▶ _WHAT TO PRODUCE_: Count every line below that holds "JUMPER". The answer is the number alone.

[Data records]
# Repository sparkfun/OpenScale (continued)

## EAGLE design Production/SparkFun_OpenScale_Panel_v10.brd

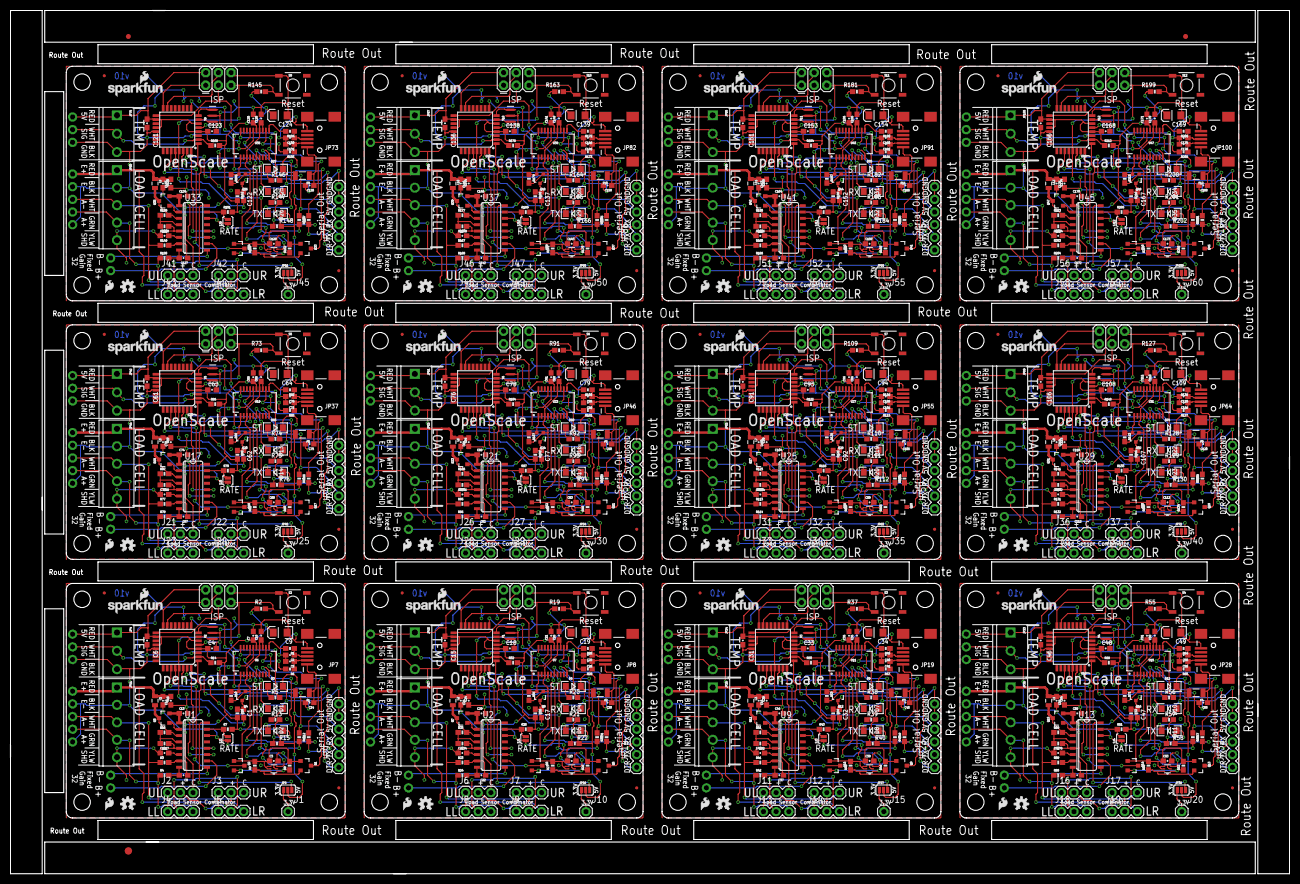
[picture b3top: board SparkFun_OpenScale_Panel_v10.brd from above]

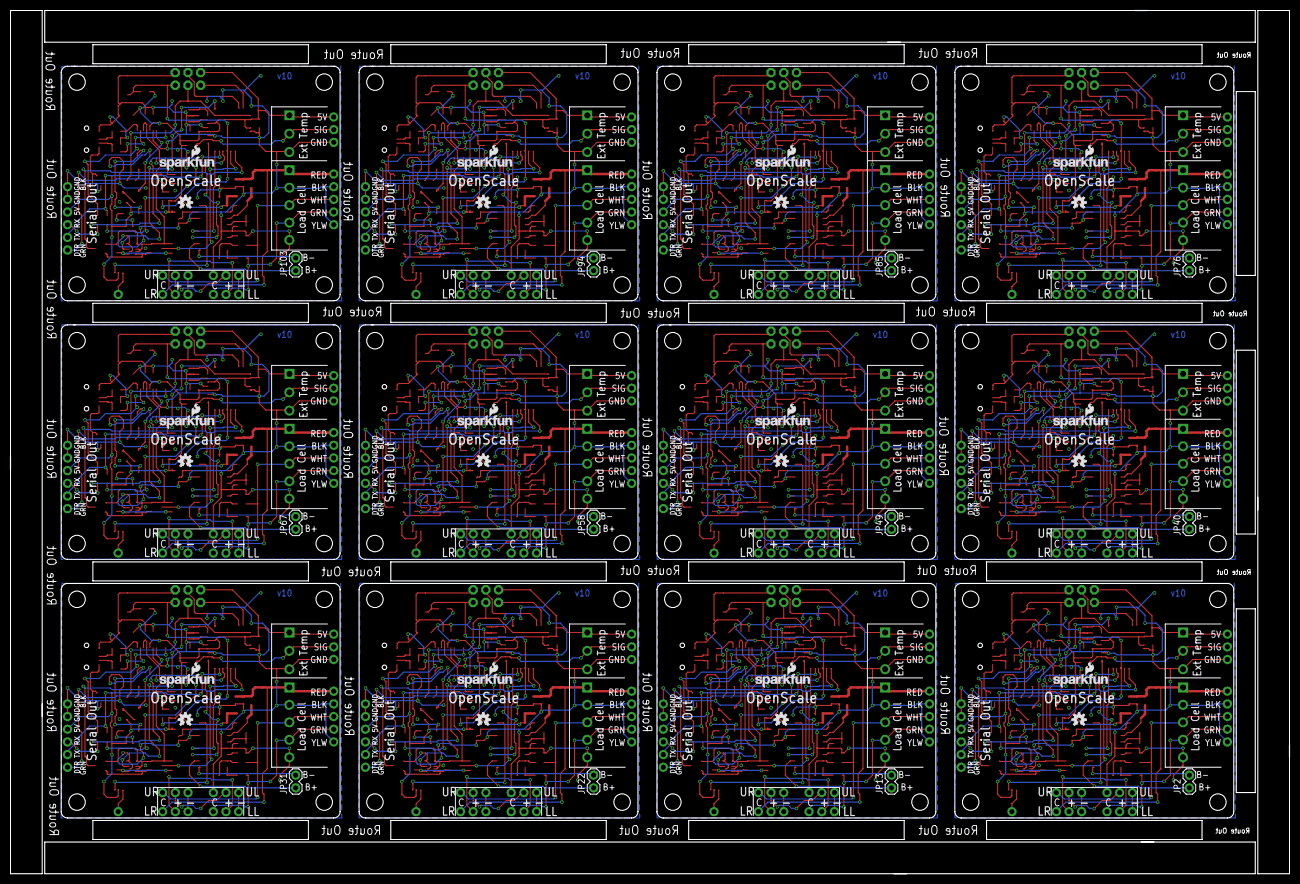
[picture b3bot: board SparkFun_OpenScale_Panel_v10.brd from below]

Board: 2 copper layers, 256.3 x 173.0 mm, 891 parts (48 on the bottom side), 612 nets.

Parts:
C1, C3, C6, C7, C8, C10, C11, C14, C15, C16, C17, C20, C21, C22, C23, C24, C27, C30, C31, C32, C35, C36, C37, C38, C39, C42, C45, C46, C47, C50, C51, C52, C53, C54, C57, C60, C61, C62, C65, C66, C67, C68, C69, C72, C75, C76, C77, C80, C81, C82, C83, C84, C87, C90, C91, C92, C95, C96, C97, C98, C99, C102, C105, C106, C107, C110, C111, C112, C113, C114, C117, C120, C121, C122, C125, C126, C127, C128, C129, C132, C135, C136, C137, C140, C141, C142, C143, C144, C147, C150, C151, C152, C155, C156, C157, C158, C159, C162, C165, C166, C167, C170, C171, C172, C173, C174, C177, C180: 0.1uF; 0603-CAP
C2, C5, C25, C26, C40, C41, C55, C56, C70, C71, C85, C86, C100, C101, C115, C116, C130, C131, C145, C146, C160, C161, C175, C176: 47pF; 0603-CAP
C4, C12, C13, C18, C28, C29, C33, C43, C44, C48, C58, C59, C63, C73, C74, C78, C88, C89, C93, C103, C104, C108, C118, C119, C123, C133, C134, C138, C148, C149, C153, C163, C164, C168, C178, C179: 1.0uF; 0603-CAP
C9, C19, C34, C49, C64, C79, C94, C109, C124, C139, C154, C169: 10uF; EIA3216
D1, D4, D7, D10, D13, D16, D19, D22, D25, D28, D31, D34: Yellow; LED-1206
D2, D5, D8, D11, D14, D17, D20, D23, D26, D29, D32, D35: GREEN; LED-1206
D3, D6, D9, D12, D15, D18, D21, D24, D27, D30, D33, D36: BLUE; LED-1206
E$1: FIDUCIAL-1.5X3
E$7, E$8: FIDUCIAL-1X2
F1, F2, F3, F4, F5, F6, F7, F8, F9, F10, F11, F12: PTCSMD; PTC-1206
FID1, FID2, FID3, FID4, FID5, FID6, FID7, FID8, FID9, FID10, FID11, FID12, FID13, FID14, FID15, FID16, FID17, FID18, FID19, FID20, FID21, FID22, FID23, FID24: FIDUCIALUFIDUCIAL; MICRO-FIDUCIAL
J1, J10, J15, J20, J25, J30, J35, J40, J45, J50, J55, J60: 3.3V; 1X01
J2, J6, J11, J16, J21, J26, J31, J36, J41, J46, J51, J56: UL; 1X03
J3, J7, J12, J17, J22, J27, J32, J37, J42, J47, J52, J57: UR; 1X03
J4, J8, J13, J18, J23, J28, J33, J38, J43, J48, J53, J58: LL; 1X03
J5, J9, J14, J19, J24, J29, J34, J39, J44, J49, J54, J59: LR; 1X03
JP1, JP12, JP21, JP30, JP39, JP48, JP57, JP66, JP75, JP84, JP93, JP102: Temp; 1X03_NO_SILK
JP2, JP13, JP22, JP31, JP40, JP49, JP58, JP67, JP76, JP85, JP94, JP103: Fixed Gain 32; 1X02
JP3, JP16, JP25, JP34, JP43, JP52, JP61, JP70, JP79, JP88, JP97, JP106: Load; 1X05_NO_SILK
JP4, JP15, JP24, JP33, JP42, JP51, JP60, JP69, JP78, JP87, JP96, JP105: Screw; SCREWTERMINAL-3.5MM-3_LOCK.007S
JP5, JP10, JP20, JP29, JP38, JP47, JP56, JP65, JP74, JP83, JP92, JP101: AVR_PRG; 2X3
JP6, JP18, JP27, JP36, JP45, JP54, JP63, JP72, JP81, JP90, JP99, JP108: JUMPER-PAD-3-2OF3_NC_BY_PASTE; PAD-JUMPER-3-2OF3_NC_BY_PASTE_YES_SILK_FULL_BOX
JP7, JP8, JP19, JP28, JP37, JP46, JP55, JP64, JP73, JP82, JP91, JP100: USBSMD; USB-MINIB
JP9, JP14, JP23, JP32, JP41, JP50, JP59, JP68, JP77, JP86, JP95, JP104: FTDI_BASIC
JP11, JP17, JP26, JP35, JP44, JP53, JP62, JP71, JP80, JP89, JP98, JP107: Screw Terminals; SCREWTERMINAL-3.5MM-5
L1, L2, L3, L4, L5, L6, L7, L8, L9, L10, L11, L12: 3.3uH; 0805
LOGO1, LOGO4, LOGO7, LOGO9, LOGO12, LOGO14, LOGO17, LOGO19, LOGO22, LOGO24, LOGO27, LOGO29, LOGO32, LOGO34, LOGO37, LOGO39, LOGO42, LOGO44, LOGO47, LOGO49, LOGO52, LOGO54, LOGO57, LOGO59: SFE_LOGO_NAME_FLAME.1_INCH; SFE_LOGO_NAME_FLAME_.1
LOGO2, LOGO5, LOGO6, LOGO10, LOGO11, LOGO15, LOGO16, LOGO20, LOGO21, LOGO25, LOGO26, LOGO30, LOGO31, LOGO35, LOGO36, LOGO40, LOGO41, LOGO45, LOGO46, LOGO50, LOGO51, LOGO55, LOGO56, LOGO60: OSHW-LOGOS; OSHW-LOGO-S
LOGO3, LOGO8, LOGO13, LOGO18, LOGO23, LOGO28, LOGO33, LOGO38, LOGO43, LOGO48, LOGO53, LOGO58: SFE_LOGO_FLAME.1_INCH; SFE_LOGO_FLAME_.1
Q1, Q2, Q5, Q6, Q9, Q10, Q13, Q14, Q17, Q18, Q21, Q22, Q25, Q26, Q29, Q30, Q33, Q34, Q37, Q38, Q41, Q42, Q45, Q46: 200mA/50V; SOT23-3
Q3, Q7, Q11, Q15, Q19, Q23, Q27, Q31, Q35, Q39, Q43, Q47: MMBT4403; SOT23-3
Q4, Q8, Q12, Q16, Q20, Q24, Q28, Q32, Q36, Q40, Q44, Q48: MOSFET-NCHANNEL2N7002PW; SOT323
R1, R6, R28, R29, R46, R47, R64, R65, R82, R83, R100, R101, R118, R119, R136, R137, R154, R155, R172, R173, R190, R191, R208, R209: 27; 0603
R2, R7, R10, R18, R19, R25, R35, R36, R37, R43, R53, R54, R55, R61, R71, R72, R73, R79, R89, R90, R91, R97, R107, R108, R109, R115, R125, R126, R127, R133, R143, R144, R145, R151, R161, R162, R163, R169, R179, R180, R181, R187, R197, R198, R199, R205, R215, R216: 10K; 0603-RES
R3, R4, R23, R24, R41, R42, R59, R60, R77, R78, R95, R96, R113, R114, R131, R132, R149, R150, R167, R168, R185, R186, R203, R204: 100; 0603-RES
R5, R11, R12, R13, R15, R20, R21, R22, R30, R31, R38, R39, R40, R48, R49, R56, R57, R58, R66, R67, R74, R75, R76, R84, R85, R92, R93, R94, R102, R103, R110, R111, R112, R120, R121, R128, R129, R130, R138, R139, R146, R147, R148, R156, R157, R164, R165, R166, R174, R175, R182, R183, R184, R192, R193, R200, R201, R202, R210, R211: 1K; 0603-RES
R8, R9, R14, R26, R27, R32, R44, R45, R50, R62, R63, R68, R80, R81, R86, R98, R99, R104, R116, R117, R122, R134, R135, R140, R152, R153, R158, R170, R171, R176, R188, R189, R194, R206, R207, R212: 4.7K; 0603-RES
R16, R33, R51, R69, R87, R105, R123, R141, R159, R177, R195, R213: 20k; 0603-RES
R17, R34, R52, R70, R88, R106, R124, R142, R160, R178, R196, R214: 8.2K; 0603-RES
S1, S2, S3, S4, S5, S6, S7, S8, S9, S10, S11, S12: Reset; TACTILE-SWITCH-SMD
SJ1, SJ2, SJ3, SJ4, SJ5, SJ6, SJ7, SJ8, SJ9, SJ10, SJ11, SJ12: JUMPER-PAD-2-NC_BY_PASTE; PAD-JUMPER-2-NC_BY_PASTE_YES_SILK
STANDOFF1, STANDOFF2, STANDOFF3, STANDOFF4, STANDOFF5, STANDOFF6, STANDOFF7, STANDOFF8, STANDOFF9, STANDOFF10, STANDOFF11, STANDOFF12, STANDOFF13, STANDOFF14, STANDOFF15, STANDOFF16, STANDOFF17, STANDOFF18, STANDOFF19, STANDOFF20, STANDOFF21, STANDOFF22, STANDOFF23, STANDOFF24, STANDOFF25, STANDOFF26, STANDOFF27, STANDOFF28, STANDOFF29, STANDOFF30, STANDOFF31, STANDOFF32, STANDOFF33, STANDOFF34, STANDOFF35, STANDOFF36, STANDOFF37, STANDOFF38, STANDOFF39, STANDOFF40, STANDOFF41, STANDOFF42, STANDOFF43, STANDOFF44, STANDOFF45, STANDOFF46, STANDOFF47, STANDOFF48: STAND-OFF
U1, U2, U9, U13, U17, U21, U25, U29, U33, U37, U41, U45: HX711; SO16
U3, U5, U10, U14, U18, U22, U26, U30, U34, U38, U42, U46: TMP102; SOT563
U4, U8, U12, U16, U20, U24, U28, U32, U36, U40, U44, U48: ATMEGA328P_TQFP; TQFP32-08
U6, U7, U11, U15, U19, U23, U27, U31, U35, U39, U43, U47: FT231XS; SSOP20_L
Y1, Y2, Y3, Y4, Y5, Y6, Y7, Y8, Y9, Y10, Y11, Y12: 16MHZ; RESONATOR-SMD

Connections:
1: J8.2, J9.2
2: J4.2, J5.2
3: J13.2, J14.2
3.3V: C3.1, C10.1, Q1.1, Q2.1, Q4.1, R8.2, R9.2, R10.2, U3.4, U3.5, U6.3, U6.13, U6.14
3.3V1: C20.1, C23.1, Q5.1, Q6.1, Q8.1, R26.2, R27.2, R35.2, U5.4, U5.5, U7.3, U7.13, U7.14
3.3V2: C35.1, C38.1, Q9.1, Q10.1, Q12.1, R44.2, R45.2, R53.2, U10.4, U10.5, U11.3, U11.13, U11.14
3.3V3: C50.1, C53.1, Q13.1, Q14.1, Q16.1, R62.2, R63.2, R71.2, U14.4, U14.5, U15.3, U15.13, U15.14
3.3V4: C65.1, C68.1, Q17.1, Q18.1, Q20.1, R80.2, R81.2, R89.2, U18.4, U18.5, U19.3, U19.13, U19.14
3.3V5: C80.1, C83.1, Q21.1, Q22.1, Q24.1, R98.2, R99.2, R107.2, U22.4, U22.5, U23.3, U23.13, U23.14
3.3V6: C95.1, C98.1, Q25.1, Q26.1, Q28.1, R116.2, R117.2, R125.2, U26.4, U26.5, U27.3, U27.13, U27.14
3.3V7: C110.1, C113.1, Q29.1, Q30.1, Q32.1, R134.2, R135.2, R143.2, U30.4, U30.5, U31.3, U31.13, U31.14
3.3V8: C125.1, C128.1, Q33.1, Q34.1, Q36.1, R152.2, R153.2, R161.2, U34.4, U34.5, U35.3, U35.13, U35.14
3.3V9: C140.1, C143.1, Q37.1, Q38.1, Q40.1, R170.2, R171.2, R179.2, U38.4, U38.5, U39.3, U39.13, U39.14
3.3V10: C155.1, C158.1, Q41.1, Q42.1, Q44.1, R188.2, R189.2, R197.2, U42.4, U42.5, U43.3, U43.13, U43.14
3.3V11: C170.1, C173.1, Q45.1, Q46.1, Q48.1, R206.2, R207.2, R215.2, U46.4, U46.5, U47.3, U47.13, U47.14
4: J18.2, J19.2
5: J23.2, J24.2
5V: C4.1, C6.1, C7.1, C9.A, C13.1, F1.2, JP1.1, JP4.1, JP5.2, JP6.2, JP9.VCC, Q3.2, R2.2, R7.2, R13.2, R14.2, R15.2, R18.2, U1.1, U4.4, U4.6, U4.18, U4.20, U6.15
5V1: C15.1, C18.1, C19.A, C21.1, C29.1, F2.2, JP10.2, JP12.1, JP14.VCC, JP15.1, JP18.2, Q7.2, R19.2, R21.2, R22.2, R25.2, R32.2, R36.2, U2.1, U7.15, U8.4, U8.6, U8.18, U8.20
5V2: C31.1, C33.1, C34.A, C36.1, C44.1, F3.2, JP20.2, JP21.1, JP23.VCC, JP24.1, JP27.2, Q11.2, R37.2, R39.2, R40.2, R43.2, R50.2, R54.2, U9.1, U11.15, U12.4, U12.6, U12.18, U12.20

▶ _EXERCISE SOLUTION_: 2